Notice the defenses against man-in-the-middle:Public/private keys are never exchanged.Session keys are valid for one session only.Session keys are never transmitted in the clear.The last line of defense is provided by host authentication. An SSH server has a private/public key pair of its own, called the host key. When you connect to a server, it send its public key to your client, which retains it to verify it is connecting to the same host in the future. If a hacker tries to spoof the server's identity, the malicious server will not have the correct private key. The client warns you (optionally, prevents login altogether) if the host's identity changes--a warning you should take very seriously.

----------

## timeBandit

 *Shining Arcanine wrote:*   

> 2. I want to be able to do a remote X-Windows session into the virtual machine from my laptop. I know that I need to set ForwardX11 in ssh_config to yes and X11Forwarding in sshd_config to yes.  DISPLAY by default is being set to localhost:10.0 ...

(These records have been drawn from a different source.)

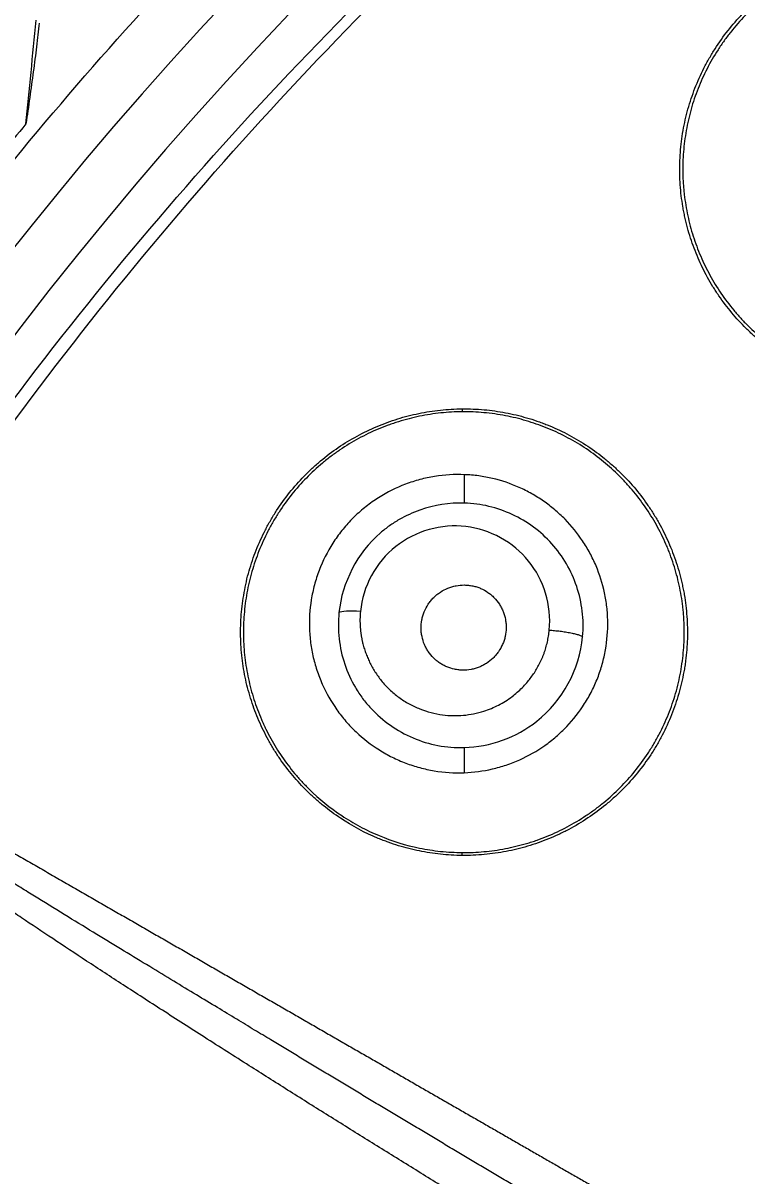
# Model space of a CAD drawing. Extents: x 541 to 1062, y 0 to 382.
# Drawn here: x 863.05 to 870.76, y 292.12 to 304.41 of the extents above; entities that cross this region are included whole.
import ezdxf

# ---------------------------------------------------------------- set-up
doc = ezdxf.new("R2010")
doc.units = 0
doc.header["$LTSCALE"] = 10
doc.header["$MEASUREMENT"] = 0
doc.header["$PDMODE"] = 3
doc.header["$PDSIZE"] = -10
doc.layers.get('0').update_dxf_attribs({"linetype": 'CONTINUOUS'})
doc.layers.get('DEFPOINTS').update_dxf_attribs({"linetype": 'CONTINUOUS'})
doc.layers.add('1', color=7, linetype='CONTINUOUS')
doc.styles.add('Daelim Dimension', font='')
doc.styles.get('Daelim Dimension').set_extended_font_data('NanumGothic')
doc.dimstyles.new('DEFAULT', dxfattribs={"dimscale": 2, "dimtxt": 2, "dimasz": 2, "dimexe": 0, "dimexo": 2, "dimgap": 1, "dimtad": 1, "dimdec": 1, "dimzin": 9, "dimdsep": 46, "dimtxsty": 'Daelim Dimension', "dimcen": 0.5, "dimclrd": 252, "dimclre": 252, "dimclrt": 3, "dimadec": 1, "dimazin": 0, "dimtfac": 1, "dimtdec": 1, "dimtix": 1, "dimtmove": 0, "dimatfit": 3, "dimfxl": 1, "dimtolj": 1, "dimtzin": 1, "dimlwd": 9, "dimlwe": 9, "dimarcsym": 0})

# ---------------------------------------------------------------- blocks, each defined once
blk = doc.blocks.new('*D10')
at = {"color": 5, "linetype": 'ByBlock', "lineweight": 9, "ltscale": 0.5, "transparency": 16777216}
for p, q in [((845.7, 280.073), (845.7, 341.221)), ((849.7, 341.221), (941.7, 341.221)), ((945.7, 280.074), (945.7, 341.221))]:
    blk.add_line(p, q, dxfattribs=at)
at = {"color": 5, "ltscale": 0.5, "transparency": 16777216}
for points in [[(849.7, 341.887), (849.7, 340.554), (845.7, 341.221)], [(941.7, 341.887), (941.7, 340.554), (945.7, 341.221)]]:
    blk.add_solid(points, dxfattribs=at)
at = {"layer": 'DEFPOINTS', "color": 0, "ltscale": 0.5, "transparency": 16777216}
for p in [(945.7, 341.221), (845.7, 276.073), (945.7, 276.074)]:
    blk.add_point(p, dxfattribs=at)
at = {"color": 7, "ltscale": 0.5, "transparency": 16777216, "insert": (895.7, 346.221), "char_height": 6, "attachment_point": 5, "style": 'Daelim Dimension'}
blk.add_mtext('\\A1;%%C100', dxfattribs=at)

msp = doc.modelspace()

# ---------------------------------------------------------------- linework, layer by layer
at = {"layer": '1', "color": 7, "linetype": 'Continuous', "lineweight": 13}
for p, q in [((867.726, 300.297), (867.726, 300.265)), ((867.75, 299.292), (867.75, 299.595)), ((867.747, 296.686), (867.747, 296.419)), ((867.726, 295.537), (867.726, 295.568))]:
    msp.add_line(p, q, dxfattribs=at)
at = {"layer": '1', "color": 7, "linetype": 'Continuous', "lineweight": 18}
for radius, start, end in [(45.353, 90, 267.6206), (41.2, 90, 267.3523), (41.78, 102.5334, 267.3912)]:
    msp.add_arc((895.7, 276.074), radius, start, end, dxfattribs=at)
at = {"layer": '1', "color": 7, "linetype": 'Continuous', "lineweight": 13}
for radius, end in [(26.189, 270), (25.813, 180)]:
    msp.add_arc((895.7, 276.074), radius, 90, end, dxfattribs=at)
msp.add_ellipse((866.707, 298.089), major_axis=(0.299, -0.029), ratio=0.145294, start_param=1.803259, end_param=2.964906, dxfattribs=at)
at = {"layer": '1', "color": 7, "linetype": 'Continuous', "lineweight": 18}
for points, weights in [([(895.7, 326.074), (868.439, 326.074), (845.7, 307.335), (845.7, 276.074)], [1, 0.732970788325, 0.639202598139, 0.718695429443]), ([(895.7, 321.97), (847.662, 321.97), (829.279, 277.589), (863.247, 243.621)], [1, 0.588455621577, 0.588455621577, 1])]:
    msp.add_rational_spline(points, weights, degree=3, dxfattribs=at)
at = {"layer": '1', "color": 7, "linetype": 'Continuous', "lineweight": 13}
for points, knots in [([(853.335, 276.074), (853.335, 278.847), (853.608, 281.62), (854.69, 287.059), (855.499, 289.725), (857.621, 294.849), (858.934, 297.306), (862.015, 301.917), (863.783, 304.07), (867.704, 307.992), (869.858, 309.759), (874.469, 312.84), (876.926, 314.154), (882.05, 316.276), (884.716, 317.085), (890.155, 318.167), (892.927, 318.44), (895.7, 318.44)], [0, 0, 0, 0, 0.125, 0.125, 0.25, 0.25, 0.375, 0.375, 0.5, 0.5, 0.625, 0.625, 0.75, 0.75, 0.875, 0.875, 1, 1, 1, 1]), ([(867.75, 299.292), (867.59, 299.297), (867.348, 299.259), (867.088, 299.14), (866.985, 299.074), (866.918, 299.027), (866.886, 299.001), (866.608, 298.759), (866.447, 298.449), (866.413, 298.126)], [0, 0, 0, 0, 0.25, 0.375, 0.4375, 0.4375, 0.5, 0.5, 1, 1, 1, 1]), ([(869.009, 297.868), (869.026, 298.052), (868.991, 298.325), (868.881, 298.569), (868.792, 298.722), (868.74, 298.794), (868.563, 298.99), (868.346, 299.149), (868.096, 299.237), (867.926, 299.278), (867.838, 299.29), (867.75, 299.292)], [0, 0, 0, 0, 0.25, 0.375, 0.375, 0.5, 0.5, 0.75, 0.875, 0.875, 1, 1, 1, 1]), ([(866.413, 298.126), (866.394, 297.939), (866.427, 297.658), (866.561, 297.363), (866.638, 297.248), (866.693, 297.174), (866.722, 297.139), (866.879, 296.97), (867.11, 296.808), (867.376, 296.726), (867.514, 296.7), (867.56, 296.694), (867.653, 296.687), (867.7, 296.686), (867.747, 296.687)], [0, 0, 0, 0, 0.25, 0.375, 0.4375, 0.4375, 0.5, 0.5, 0.75, 0.875, 0.875, 0.9375, 0.9375, 1, 1, 1, 1]), ([(868.654, 297.938), (868.672, 297.937), (868.69, 297.936), (868.729, 297.932), (868.749, 297.93), (868.789, 297.925), (868.809, 297.922), (868.847, 297.916), (868.866, 297.913), (868.901, 297.906), (868.917, 297.902), (868.946, 297.895), (868.958, 297.891), (868.98, 297.884), (868.988, 297.881), (869.001, 297.874), (869.006, 297.871), (869.009, 297.868)], [0, 0, 0, 0, 0.125, 0.125, 0.25, 0.25, 0.375, 0.375, 0.5, 0.5, 0.625, 0.625, 0.75, 0.75, 0.875, 0.875, 1, 1, 1, 1]), ([(867.747, 296.687), (868.024, 296.696), (868.302, 296.793), (868.796, 297.186), (868.977, 297.519), (869.009, 297.868)], [0, 0, 0, 0, 0.446377, 0.446377, 1, 1, 1, 1]), ([(860.735, 296.837), (860.789, 296.807), (860.894, 296.746), (861.053, 296.654), (861.211, 296.563), (861.369, 296.473), (861.525, 296.382), (861.682, 296.292), (861.837, 296.203), (861.992, 296.114), (862.147, 296.025), (862.301, 295.936), (862.454, 295.848), (862.607, 295.76), (862.759, 295.672), (862.911, 295.585), (863.062, 295.498), (863.212, 295.411), (863.362, 295.325), (863.511, 295.239), (863.66, 295.154), (863.808, 295.069), (863.955, 294.984), (864.102, 294.899), (864.248, 294.815), (864.394, 294.731), (864.538, 294.648), (864.683, 294.565), (864.827, 294.482), (864.97, 294.4), (865.112, 294.317), (865.254, 294.236), (865.395, 294.154), (865.536, 294.073), (865.676, 293.993), (865.816, 293.913), (865.955, 293.833), (866.093, 293.753), (866.23, 293.674), (866.367, 293.595), (866.504, 293.516), (866.64, 293.438), (866.775, 293.361), (866.909, 293.283), (867.043, 293.206), (867.177, 293.129), (867.309, 293.053), (867.441, 292.977), (867.573, 292.901), (867.703, 292.826), (867.834, 292.751), (867.963, 292.677), (868.092, 292.602), (868.22, 292.529), (868.348, 292.455), (868.475, 292.382), (868.601, 292.309), (868.727, 292.237), (868.852, 292.165), (868.977, 292.093), (869.101, 292.022), (869.224, 291.951), (869.346, 291.88), (869.468, 291.81), (869.59, 291.74), (869.71, 291.671), (869.831, 291.602), (869.95, 291.533), (870.069, 291.465), (870.187, 291.397), (870.304, 291.329), (870.421, 291.262), (870.537, 291.195), (870.653, 291.129), (870.768, 291.063), (870.882, 290.997), (870.958, 290.953), (870.996, 290.931)], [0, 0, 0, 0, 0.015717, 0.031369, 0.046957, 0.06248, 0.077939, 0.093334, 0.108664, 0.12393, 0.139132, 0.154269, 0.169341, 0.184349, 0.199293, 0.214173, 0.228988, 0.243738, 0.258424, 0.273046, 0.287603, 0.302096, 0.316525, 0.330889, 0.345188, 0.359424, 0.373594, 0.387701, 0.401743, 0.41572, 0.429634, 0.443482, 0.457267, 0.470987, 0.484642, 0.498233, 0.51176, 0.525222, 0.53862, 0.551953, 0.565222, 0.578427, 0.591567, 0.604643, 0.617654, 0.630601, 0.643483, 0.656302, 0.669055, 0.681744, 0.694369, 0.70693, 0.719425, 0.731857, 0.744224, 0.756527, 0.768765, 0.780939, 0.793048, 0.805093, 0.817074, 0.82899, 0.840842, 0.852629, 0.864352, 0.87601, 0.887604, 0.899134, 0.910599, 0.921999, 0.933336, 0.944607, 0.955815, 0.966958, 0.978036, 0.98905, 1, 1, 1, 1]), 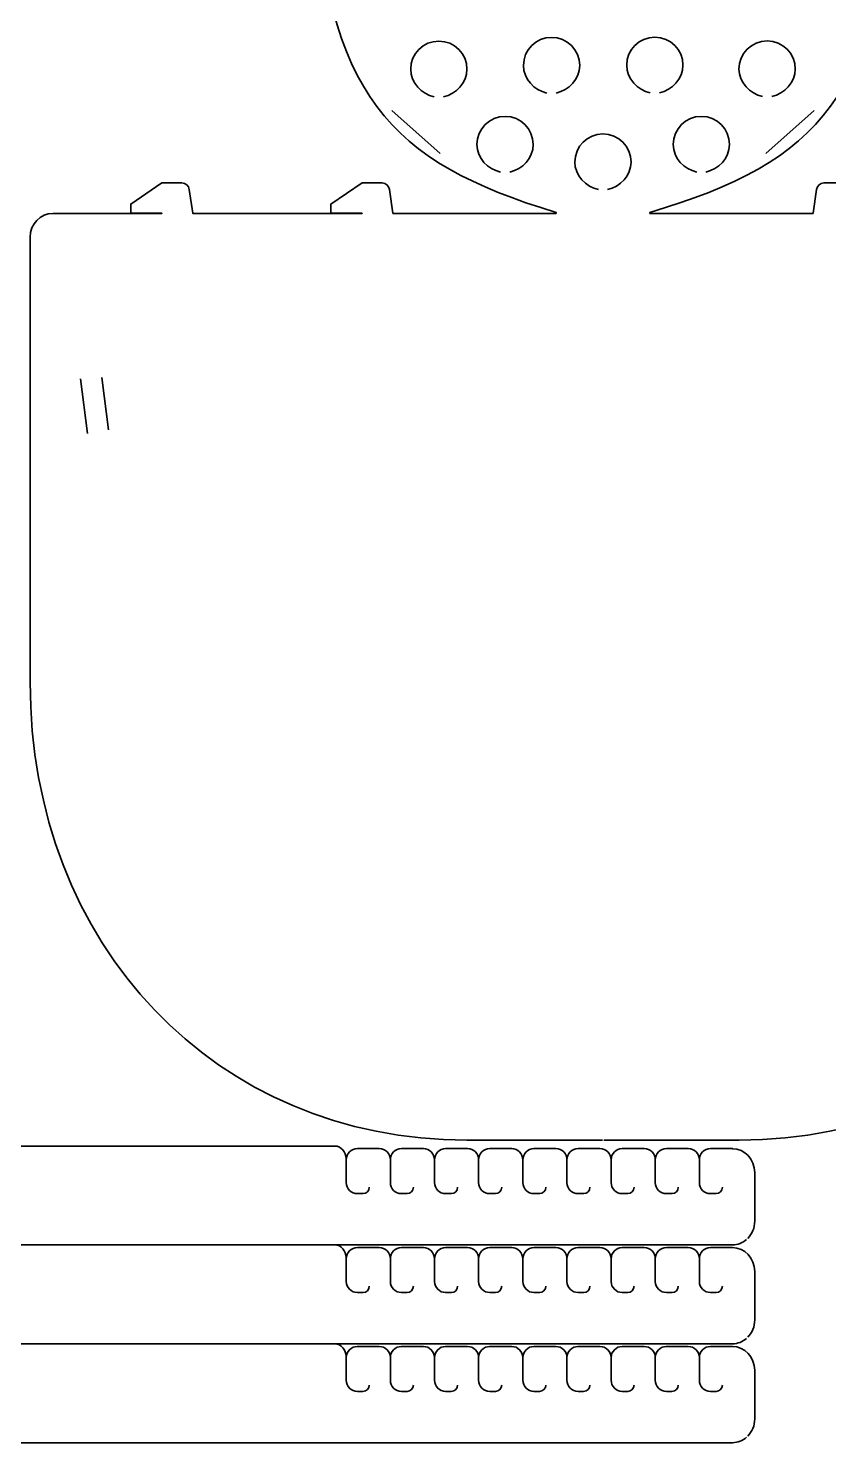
# Model space of a CAD drawing. Header units: inches. Extents: x 1974 to 3009, y -3124 to -2328.
# Drawn here: x 2586.2 to 2799.6, y -3087.2 to -2710.4 of the extents above; entities that cross this region are included whole.
import ezdxf

# ---------------------------------------------------------------- set-up
doc = ezdxf.new("R2010")
doc.units = ezdxf.units.IN
doc.header["$MEASUREMENT"] = 0
doc.layers.add('Layer 1', color=7, linetype='Continuous')

msp = doc.modelspace()

# ---------------------------------------------------------------- linework, layer by layer
at = {"layer": 'Layer 1', "color": 179, "lineweight": 35, "true_color": 0x231f20}
for points in [[(2696, -2743.72), (2683.09, -2732.26)], [(2782.77, -2743.72), (2795.68, -2732.26)], [(2726.89, -2759.41), (2726.89, -2759.41)], [(2605.82, -2803.4), (2607.52, -2817.3)], [(2600.08, -2803.79), (2601.93, -2818.29)]]:
    msp.add_lwpolyline(points, dxfattribs=at)
for points, knots in [([(2739.18, -2701.82), (2704.56, -2701.74), (2677.34, -2679.21), (2667.47, -2666.47), (2666.29, -2664.96), (2662.01, -2665.81), (2662.12, -2667.73), (2665.6, -2728.23), (2682.29, -2745.92), (2726.89, -2759.41), (2726.89, -2759.41), (2726.89, -2759.67), (2726.89, -2759.67), (2726.89, -2759.67), (2683.4, -2759.67), (2683.4, -2759.67), (2683.4, -2759.67), (2683.4, -2759.66), (2683.4, -2759.66), (2683.4, -2759.66), (2682.46, -2753.28), (2682.46, -2753.28), (2682.32, -2752.3), (2681.48, -2751.57), (2680.48, -2751.57), (2680.48, -2751.57), (2675.18, -2751.57), (2675.18, -2751.57), (2675.18, -2751.57), (2666.87, -2757.19), (2666.87, -2757.19), (2666.87, -2757.19), (2666.87, -2759.66), (2666.87, -2759.66), (2666.87, -2759.66), (2675.18, -2759.66), (2675.18, -2759.66), (2675.18, -2759.66), (2675.18, -2759.67), (2675.18, -2759.67), (2675.18, -2759.67), (2630.01, -2759.67), (2630.01, -2759.67), (2630.01, -2759.67), (2630.01, -2759.66), (2630.01, -2759.66), (2630.01, -2759.66), (2629.08, -2753.28), (2629.08, -2753.28), (2628.93, -2752.3), (2628.09, -2751.57), (2627.1, -2751.57), (2627.1, -2751.57), (2621.79, -2751.57), (2621.79, -2751.57), (2621.79, -2751.57), (2613.48, -2757.19), (2613.48, -2757.19), (2613.48, -2757.19), (2613.48, -2759.66), (2613.48, -2759.66), (2613.48, -2759.66), (2621.79, -2759.66), (2621.79, -2759.66), (2621.79, -2759.66), (2621.79, -2759.67), (2621.79, -2759.67), (2621.79, -2759.67), (2592.73, -2759.67), (2592.73, -2759.67), (2589.39, -2759.67), (2586.68, -2762.51), (2586.68, -2766.02), (2586.68, -2766.02), (2586.68, -2884.59), (2586.68, -2884.59), (2586.68, -2954.73), (2636.3, -3006.59), (2703.1, -3006.59), (2703.1, -3006.59), (2739.22, -3006.59), (2739.22, -3006.59)], [0, 0, 0, 0, 1, 1, 1, 2, 2, 2, 3, 3, 3, 4, 4, 4, 5, 5, 5, 6, 6, 6, 7, 7, 7, 8, 8, 8, 9, 9, 9, 10, 10, 10, 11, 11, 11, 12, 12, 12, 13, 13, 13, 14, 14, 14, 15, 15, 15, 16, 16, 16, 17, 17, 17, 18, 18, 18, 19, 19, 19, 20, 20, 20, 21, 21, 21, 22, 22, 22, 23, 23, 23, 24, 24, 24, 25, 25, 25, 26, 26, 26, 27, 27, 27, 27]), ([(2739.63, -3006.59), (2739.63, -3006.59), (2775.67, -3006.59), (2775.67, -3006.59), (2842.47, -3006.59), (2892.08, -2954.73), (2892.08, -2884.59), (2892.08, -2884.59), (2892.08, -2766.02), (2892.08, -2766.02), (2892.08, -2762.51), (2889.38, -2759.67), (2886.04, -2759.67), (2886.04, -2759.67), (2856.98, -2759.67), (2856.98, -2759.67), (2856.98, -2759.67), (2856.98, -2759.66), (2856.98, -2759.66), (2856.98, -2759.66), (2865.29, -2759.66), (2865.29, -2759.66), (2865.29, -2759.66), (2865.29, -2757.19), (2865.29, -2757.19), (2865.29, -2757.19), (2856.98, -2751.57), (2856.98, -2751.57), (2856.98, -2751.57), (2851.67, -2751.57), (2851.67, -2751.57), (2850.68, -2751.57), (2849.84, -2752.3), (2849.69, -2753.28), (2849.69, -2753.28), (2848.76, -2759.66), (2848.76, -2759.66), (2848.76, -2759.66), (2848.76, -2759.67), (2848.76, -2759.67), (2848.76, -2759.67), (2803.59, -2759.67), (2803.59, -2759.67), (2803.59, -2759.67), (2803.59, -2759.66), (2803.59, -2759.66), (2803.59, -2759.66), (2811.9, -2759.66), (2811.9, -2759.66), (2811.9, -2759.66), (2811.9, -2757.19), (2811.9, -2757.19), (2811.9, -2757.19), (2803.59, -2751.57), (2803.59, -2751.57), (2803.59, -2751.57), (2798.29, -2751.57), (2798.29, -2751.57), (2797.29, -2751.57), (2796.45, -2752.3), (2796.31, -2753.28), (2796.31, -2753.28), (2795.37, -2759.66), (2795.37, -2759.66), (2795.37, -2759.66), (2795.37, -2759.67), (2795.37, -2759.67), (2795.37, -2759.67), (2751.89, -2759.67), (2751.89, -2759.67), (2751.89, -2759.67), (2751.89, -2759.41), (2751.89, -2759.41), (2797.48, -2745.92), (2813.18, -2728.08), (2816.65, -2667.58), (2816.67, -2665.68), (2812.51, -2664.82), (2811.32, -2666.31), (2801.29, -2678.92), (2773.32, -2701.73), (2739.58, -2701.82)], [0, 0, 0, 0, 1, 1, 1, 2, 2, 2, 3, 3, 3, 4, 4, 4, 5, 5, 5, 6, 6, 6, 7, 7, 7, 8, 8, 8, 9, 9, 9, 10, 10, 10, 11, 11, 11, 12, 12, 12, 13, 13, 13, 14, 14, 14, 15, 15, 15, 16, 16, 16, 17, 17, 17, 18, 18, 18, 19, 19, 19, 20, 20, 20, 21, 21, 21, 22, 22, 22, 23, 23, 23, 24, 24, 24, 25, 25, 25, 26, 26, 26, 27, 27, 27, 27]), ([(2726.91, -2727.61), (2730.29, -2726.89), (2733.18, -2723.88), (2733.18, -2720.28), (2733.18, -2716.14), (2729.82, -2712.78), (2725.68, -2712.78), (2721.53, -2712.78), (2718.18, -2716.14), (2718.18, -2720.28), (2718.18, -2723.88), (2721.07, -2726.89), (2724.45, -2727.61)], [0, 0, 0, 0, 1, 1, 1, 2, 2, 2, 3, 3, 3, 4, 4, 4, 4]), ([(2754.43, -2727.54), (2757.82, -2726.82), (2760.7, -2723.81), (2760.7, -2720.22), (2760.7, -2716.07), (2757.35, -2712.72), (2753.2, -2712.72), (2749.06, -2712.72), (2745.7, -2716.07), (2745.7, -2720.22), (2745.7, -2723.81), (2748.59, -2726.82), (2751.97, -2727.54)], [0, 0, 0, 0, 1, 1, 1, 2, 2, 2, 3, 3, 3, 4, 4, 4, 4]), ([(2696.86, -2728.61), (2700.24, -2727.89), (2703.13, -2724.88), (2703.13, -2721.28), (2703.13, -2717.14), (2699.77, -2713.78), (2695.63, -2713.78), (2691.49, -2713.78), (2688.13, -2717.14), (2688.13, -2721.28), (2688.13, -2724.88), (2691.02, -2727.89), (2694.4, -2728.61)], [0, 0, 0, 0, 1, 1, 1, 2, 2, 2, 3, 3, 3, 4, 4, 4, 4]), ([(2784.37, -2728.54), (2787.75, -2727.82), (2790.64, -2724.81), (2790.64, -2721.22), (2790.64, -2717.07), (2787.28, -2713.72), (2783.14, -2713.72), (2778.99, -2713.72), (2775.64, -2717.07), (2775.64, -2721.22), (2775.64, -2724.81), (2778.53, -2727.82), (2781.91, -2728.54)], [0, 0, 0, 0, 1, 1, 1, 2, 2, 2, 3, 3, 3, 4, 4, 4, 4]), ([(2714.51, -2748.67), (2717.89, -2747.95), (2720.78, -2744.94), (2720.78, -2741.34), (2720.78, -2737.2), (2717.42, -2733.84), (2713.28, -2733.84), (2709.14, -2733.84), (2705.78, -2737.2), (2705.78, -2741.34), (2705.78, -2744.94), (2708.67, -2747.95), (2712.05, -2748.67)], [0, 0, 0, 0, 1, 1, 1, 2, 2, 2, 3, 3, 3, 4, 4, 4, 4]), ([(2766.83, -2748.67), (2770.21, -2747.95), (2773.1, -2744.94), (2773.1, -2741.34), (2773.1, -2737.2), (2769.75, -2733.84), (2765.6, -2733.84), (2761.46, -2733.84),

 This is correct behavior and suggests you have set up X11 forwarding properly (at the server at least). X clients connect to display :10 at the server. All traffic on this display is forwarded through the tunnel to your SSH client, which in turn tries to hand it to an X  server on display :0 (by default) on your client machine. Do you have an X server running on the client machine before you login to SSH?

 *Quote:*   

> 3. I want to be able to do a remote X-Windows session into the virtual machine from my university. My university has a firewall that prevents SSH from working. However, when I am on campus, I can SSH into a UNIX (Sun Solaris 9) server that the university maintains and then SSH into my virtual machine from there. Is there any way to route a remote X-Windows session into my virtual PC from either my laptop or one of my university's computers (both of which have X-Windows software installed) through my university's UNIX server to bypass my university's firewall?

 Yes. All you need to do is forward X11 on both links and it should Just Work(tm).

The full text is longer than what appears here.